Available data:
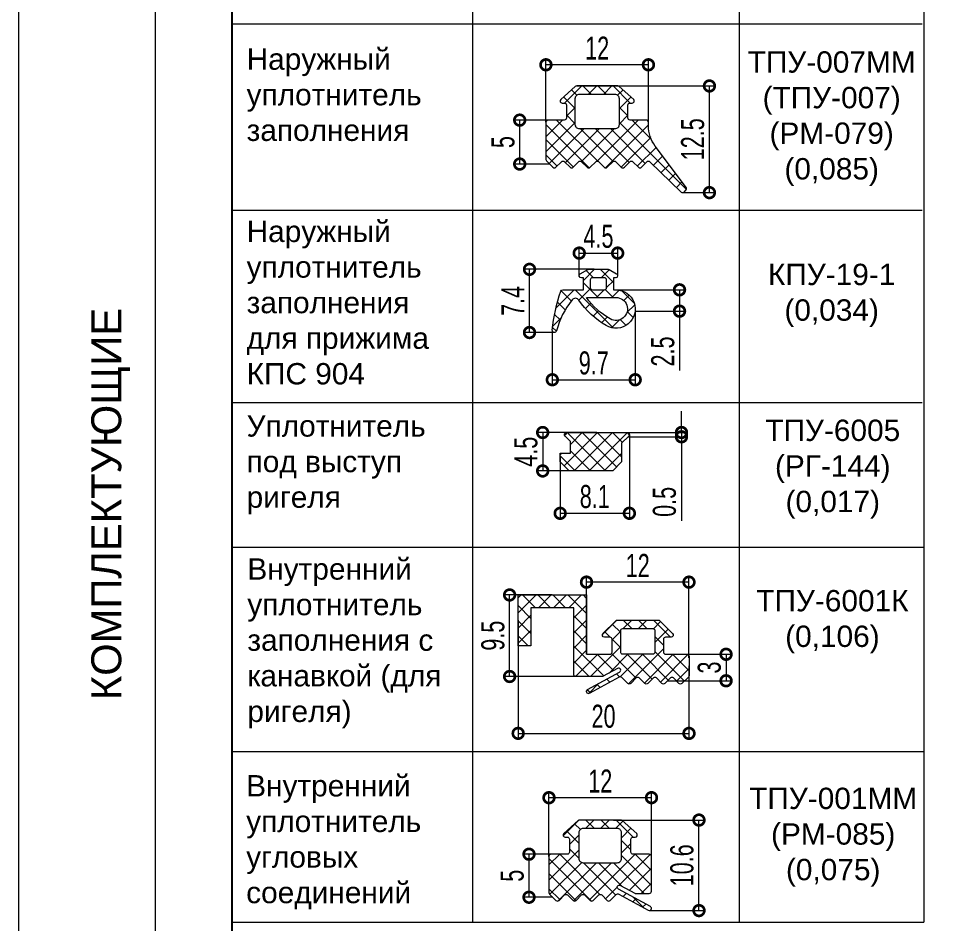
# Model space of a CAD drawing. Extents: x -37 to 4620, y -49 to 348.
# Drawn here: x 3150 to 3257.5, y 122.2 to 228.3 of the extents above; entities that cross this region are included whole.
import ezdxf

# ---------------------------------------------------------------- set-up
doc = ezdxf.new("R2010")
doc.units = 0
doc.header["$LTSCALE"] = 5
doc.layers.get('0').update_dxf_attribs({"linetype": 'CONTINUOUS', "lineweight": 30})
doc.layers.get('DEFPOINTS').update_dxf_attribs({"linetype": 'CONTINUOUS'})
for name, color, linetype, lineweight in [('4', 160, 'CONTINUOUS', 18), ('Dimentions', 5, 'CONTINUOUS', 15), ('Рамки', 1, 'CONTINUOUS', 15), ('Текстовый', 7, 'CONTINUOUS', 9), ('Уплотнители', 1, 'CONTINUOUS', 20), ('Штриховка', 1, 'CONTINUOUS', 5)]:
    doc.layers.add(name, color=color, linetype=linetype, lineweight=lineweight)
doc.layers.add('Скрытые', color=14, linetype='CONTINUOUS', plot=False)
doc.styles.add('style 27', font='russ.shx', dxfattribs={"width": 0.7, "height": 2.7})
doc.styles.add('Каталожный', font='arial.ttf', dxfattribs={"height": 2.5})
doc.styles.add('стиль22', font='russ.shx', dxfattribs={"width": 0.7, "height": 2.2})
doc.styles.add('Фирм', font='arial.ttf', dxfattribs={"height": 3.5})
doc.dimstyles.new('MХ1', dxfattribs={"dimtxt": 2.2, "dimasz": 2, "dimexe": 0.6, "dimexo": 0, "dimgap": 0.6, "dimtad": 1, "dimdsep": 46, "dimtxsty": 'стиль22', "dimcen": 0, "dimclrd": 256, "dimclre": 256, "dimclrt": 256, "dimadec": 1, "dimazin": 2, "dimtfac": 1, "dimtmove": 0, "dimatfit": 3, "dimfxl": 1, "dimtvp": 1, "dimtolj": 1, "dimlwd": -1, "dimlwe": -1, "dimarcsym": 0})
pattern_1 = [(225, (-633.299, 2554.825), (0.88388348, -0.88388348), []), (315, (-633.299, 2554.825), (0.88388348, 0.88388348), [])]

# ---------------------------------------------------------------- blocks, each defined once
blk = doc.blocks.new('_DotSmall')
at = {"color": 0, "linetype": 'ByBlock', "const_width": 0.5}
blk.add_lwpolyline([(-0.0625, 0, 1), (0.0625, 0, 1)], format="xyb", close=True, dxfattribs=at)
blk = doc.blocks.new('*D153')
at = {"layer": 'DEFPOINTS', "color": 0, "linetype": 'Continuous', "transparency": 16777216}
for p in [(3215.37, 220.42), (3230.9, 220.42), (3227.76, 207.93)]:
    blk.add_point(p, dxfattribs=at)
at = {"layer": 'Dimentions', "transparency": 16777216}
for p, q in [((3215.37, 220.42), (3231.5, 220.42)), ((3230.9, 207.93), (3230.9, 220.42)), ((3227.76, 207.93), (3231.5, 207.93))]:
    blk.add_line(p, q, dxfattribs=at)
at = {"layer": 'Dimentions', "linetype": 'Continuous', "transparency": 16777216, "xscale": 2.5, "yscale": 2.5, "zscale": 2.5}
for p, rotation in [((3230.9, 220.42), 90), ((3230.9, 207.93), 270)]:
    blk.add_blockref('_DotSmall', p, dxfattribs=dict(at, rotation=rotation))
at = {"layer": 'Dimentions', "linetype": 'Continuous', "transparency": 16777216, "insert": (3228.95, 214.18), "char_height": 2.7, "attachment_point": 5, "rotation": 90, "style": 'style 27'}
blk.add_mtext('\\A1;12.5', dxfattribs=at)
blk = doc.blocks.new('*D154')
at = {"layer": 'DEFPOINTS', "color": 0, "linetype": 'Continuous', "transparency": 16777216}
for p in [(3208.69, 216.42), (3212.01, 216.42), (3212.2, 211.28)]:
    blk.add_point(p, dxfattribs=at)
at = {"layer": 'Dimentions', "transparency": 16777216}
for p, q in [((3212.01, 216.42), (3208.09, 216.42)), ((3208.69, 211.28), (3208.69, 216.42)), ((3212.2, 211.28), (3208.09, 211.28))]:
    blk.add_line(p, q, dxfattribs=at)
at = {"layer": 'Dimentions', "linetype": 'Continuous', "transparency": 16777216, "xscale": 2.5, "yscale": 2.5, "zscale": 2.5}
for p, rotation in [((3208.69, 216.42), 90), ((3208.69, 211.28), 270)]:
    blk.add_blockref('_DotSmall', p, dxfattribs=dict(at, rotation=rotation))
at = {"layer": 'Dimentions', "linetype": 'Continuous', "transparency": 16777216, "insert": (3206.74, 213.85), "char_height": 2.7, "attachment_point": 5, "rotation": 90, "style": 'style 27'}
blk.add_mtext('\\A1;5', dxfattribs=at)
blk = doc.blocks.new('*D155')
at = {"layer": 'DEFPOINTS', "color": 0, "linetype": 'Continuous', "transparency": 16777216}
for p in [(3211.76, 222.9), (3211.76, 216.17), (3223.76, 215.75)]:
    blk.add_point(p, dxfattribs=at)
at = {"layer": 'Dimentions', "transparency": 16777216}
for p, q in [((3211.76, 216.17), (3211.76, 223.5)), ((3223.76, 222.9), (3211.76, 222.9)), ((3223.76, 215.75), (3223.76, 223.5))]:
    blk.add_line(p, q, dxfattribs=at)
at = {"layer": 'Dimentions', "linetype": 'Continuous', "transparency": 16777216, "xscale": 2.5, "yscale": 2.5, "zscale": 2.5, "rotation": 180}
blk.add_blockref('_DotSmall', (3211.76, 222.9), dxfattribs=at)
at = {"layer": 'Dimentions', "linetype": 'Continuous', "transparency": 16777216, "xscale": 2.5, "yscale": 2.5, "zscale": 2.5}
blk.add_blockref('_DotSmall', (3223.76, 222.9), dxfattribs=at)
at = {"layer": 'Dimentions', "linetype": 'Continuous', "transparency": 16777216, "insert": (3217.76, 224.85), "char_height": 2.7, "attachment_point": 5, "style": 'style 27'}
blk.add_mtext('\\A1;12', dxfattribs=at)
blk = doc.blocks.new('*D158')
at = {"layer": 'DEFPOINTS', "color": 0, "linetype": 'Continuous', "transparency": 16777216}
for p in [(3221.28, 179.84), (3227.63, 179.84), (3221.38, 179.34)]:
    blk.add_point(p, dxfattribs=at)
at = {"layer": 'Dimentions', "transparency": 16777216}
for p, q in [((3227.63, 179.84), (3227.63, 182.34)), ((3221.28, 179.84), (3228.23, 179.84)), ((3227.63, 179.84), (3227.63, 179.34)), ((3221.38, 179.34), (3228.23, 179.34)), ((3227.63, 179.34), (3227.63, 169.5))]:
    blk.add_line(p, q, dxfattribs=at)
at = {"layer": 'Dimentions', "linetype": 'Continuous', "transparency": 16777216, "xscale": 2.5, "yscale": 2.5, "zscale": 2.5}
for p, rotation in [((3227.63, 179.84), 270), ((3227.63, 179.34), 90)]:
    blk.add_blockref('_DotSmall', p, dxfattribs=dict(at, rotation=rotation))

Goal of the exercise: Omit the pictures, and quote the material above exactly as given.

Answer section:
# Model space of a CAD drawing. Extents: x -37 to 4620, y -49 to 348.
# Drawn here: x 3150 to 3257.5, y 122.2 to 228.3 of the extents above; entities that cross this region are included whole.
import ezdxf

# ---------------------------------------------------------------- set-up
doc = ezdxf.new("R2010")
doc.units = 0
doc.header["$LTSCALE"] = 5
doc.layers.get('0').update_dxf_attribs({"linetype": 'CONTINUOUS', "lineweight": 30})
doc.layers.get('DEFPOINTS').update_dxf_attribs({"linetype": 'CONTINUOUS'})
for name, color, linetype, lineweight in [('4', 160, 'CONTINUOUS', 18), ('Dimentions', 5, 'CONTINUOUS', 15), ('Рамки', 1, 'CONTINUOUS', 15), ('Текстовый', 7, 'CONTINUOUS', 9), ('Уплотнители', 1, 'CONTINUOUS', 20), ('Штриховка', 1, 'CONTINUOUS', 5)]:
    doc.layers.add(name, color=color, linetype=linetype, lineweight=lineweight)
doc.layers.add('Скрытые', color=14, linetype='CONTINUOUS', plot=False)
doc.styles.add('style 27', font='russ.shx', dxfattribs={"width": 0.7, "height": 2.7})
doc.styles.add('Каталожный', font='arial.ttf', dxfattribs={"height": 2.5})
doc.styles.add('стиль22', font='russ.shx', dxfattribs={"width": 0.7, "height": 2.2})
doc.styles.add('Фирм', font='arial.ttf', dxfattribs={"height": 3.5})
doc.dimstyles.new('MХ1', dxfattribs={"dimtxt": 2.2, "dimasz": 2, "dimexe": 0.6, "dimexo": 0, "dimgap": 0.6, "dimtad": 1, "dimdsep": 46, "dimtxsty": 'стиль22', "dimcen": 0, "dimclrd": 256, "dimclre": 256, "dimclrt": 256, "dimadec": 1, "dimazin": 2, "dimtfac": 1, "dimtmove": 0, "dimatfit": 3, "dimfxl": 1, "dimtvp": 1, "dimtolj": 1, "dimlwd": -1, "dimlwe": -1, "dimarcsym": 0})
pattern_1 = [(225, (-633.299, 2554.825), (0.88388348, -0.88388348), []), (315, (-633.299, 2554.825), (0.88388348, 0.88388348), [])]

# ---------------------------------------------------------------- blocks, each defined once
blk = doc.blocks.new('_DotSmall')
at = {"color": 0, "linetype": 'ByBlock', "const_width": 0.5}
blk.add_lwpolyline([(-0.0625, 0, 1), (0.0625, 0, 1)], format="xyb", close=True, dxfattribs=at)
blk = doc.blocks.new('*D153')
at = {"layer": 'DEFPOINTS', "color": 0, "linetype": 'Continuous', "transparency": 16777216}
for p in [(3215.37, 220.42), (3230.9, 220.42), (3227.76, 207.93)]:
    blk.add_point(p, dxfattribs=at)
at = {"layer": 'Dimentions', "transparency": 16777216}
for p, q in [((3215.37, 220.42), (3231.5, 220.42)), ((3230.9, 207.93), (3230.9, 220.42)), ((3227.76, 207.93), (3231.5, 207.93))]:
    blk.add_line(p, q, dxfattribs=at)
at = {"layer": 'Dimentions', "linetype": 'Continuous', "transparency": 16777216, "xscale": 2.5, "yscale": 2.5, "zscale": 2.5}
for p, rotation in [((3230.9, 220.42), 90), ((3230.9, 207.93), 270)]:
    blk.add_blockref('_DotSmall', p, dxfattribs=dict(at, rotation=rotation))
at = {"layer": 'Dimentions', "linetype": 'Continuous', "transparency": 16777216, "insert": (3228.95, 214.18), "char_height": 2.7, "attachment_point": 5, "rotation": 90, "style": 'style 27'}
blk.add_mtext('\\A1;12.5', dxfattribs=at)
blk = doc.blocks.new('*D154')
at = {"layer": 'DEFPOINTS', "color": 0, "linetype": 'Continuous', "transparency": 16777216}
for p in [(3208.69, 216.42), (3212.01, 216.42), (3212.2, 211.28)]:
    blk.add_point(p, dxfattribs=at)
at = {"layer": 'Dimentions', "transparency": 16777216}
for p, q in [((3212.01, 216.42), (3208.09, 216.42)), ((3208.69, 211.28), (3208.69, 216.42)), ((3212.2, 211.28), (3208.09, 211.28))]:
    blk.add_line(p, q, dxfattribs=at)
at = {"layer": 'Dimentions', "linetype": 'Continuous', "transparency": 16777216, "xscale": 2.5, "yscale": 2.5, "zscale": 2.5}
for p, rotation in [((3208.69, 216.42), 90), ((3208.69, 211.28), 270)]:
    blk.add_blockref('_DotSmall', p, dxfattribs=dict(at, rotation=rotation))
at = {"layer": 'Dimentions', "linetype": 'Continuous', "transparency": 16777216, "insert": (3206.74, 213.85), "char_height": 2.7, "attachment_point": 5, "rotation": 90, "style": 'style 27'}
blk.add_mtext('\\A1;5', dxfattribs=at)
blk = doc.blocks.new('*D155')
at = {"layer": 'DEFPOINTS', "color": 0, "linetype": 'Continuous', "transparency": 16777216}
for p in [(3211.76, 222.9), (3211.76, 216.17), (3223.76, 215.75)]:
    blk.add_point(p, dxfattribs=at)
at = {"layer": 'Dimentions', "transparency": 16777216}
for p, q in [((3211.76, 216.17), (3211.76, 223.5)), ((3223.76, 222.9), (3211.76, 222.9)), ((3223.76, 215.75), (3223.76, 223.5))]:
    blk.add_line(p, q, dxfattribs=at)
at = {"layer": 'Dimentions', "linetype": 'Continuous', "transparency": 16777216, "xscale": 2.5, "yscale": 2.5, "zscale": 2.5, "rotation": 180}
blk.add_blockref('_DotSmall', (3211.76, 222.9), dxfattribs=at)
at = {"layer": 'Dimentions', "linetype": 'Continuous', "transparency": 16777216, "xscale": 2.5, "yscale": 2.5, "zscale": 2.5}
blk.add_blockref('_DotSmall', (3223.76, 222.9), dxfattribs=at)
at = {"layer": 'Dimentions', "linetype": 'Continuous', "transparency": 16777216, "insert": (3217.76, 224.85), "char_height": 2.7, "attachment_point": 5, "style": 'style 27'}
blk.add_mtext('\\A1;12', dxfattribs=at)
blk = doc.blocks.new('*D158')
at = {"layer": 'DEFPOINTS', "color": 0, "linetype": 'Continuous', "transparency": 16777216}
for p in [(3221.28, 179.84), (3227.63, 179.84), (3221.38, 179.34)]:
    blk.add_point(p, dxfattribs=at)
at = {"layer": 'Dimentions', "transparency": 16777216}
for p, q in [((3227.63, 179.84), (3227.63, 182.34)), ((3221.28, 179.84), (3228.23, 179.84)), ((3227.63, 179.84), (3227.63, 179.34)), ((3221.38, 179.34), (3228.23, 179.34)), ((3227.63, 179.34), (3227.63, 169.5))]:
    blk.add_line(p, q, dxfattribs=at)
at = {"layer": 'Dimentions', "linetype": 'Continuous', "transparency": 16777216, "xscale": 2.5, "yscale": 2.5, "zscale": 2.5}
for p, rotation in [((3227.63, 179.84), 270), ((3227.63, 179.34), 90)]:
    blk.add_blockref('_DotSmall', p, dxfattribs=dict(at, rotation=rotation))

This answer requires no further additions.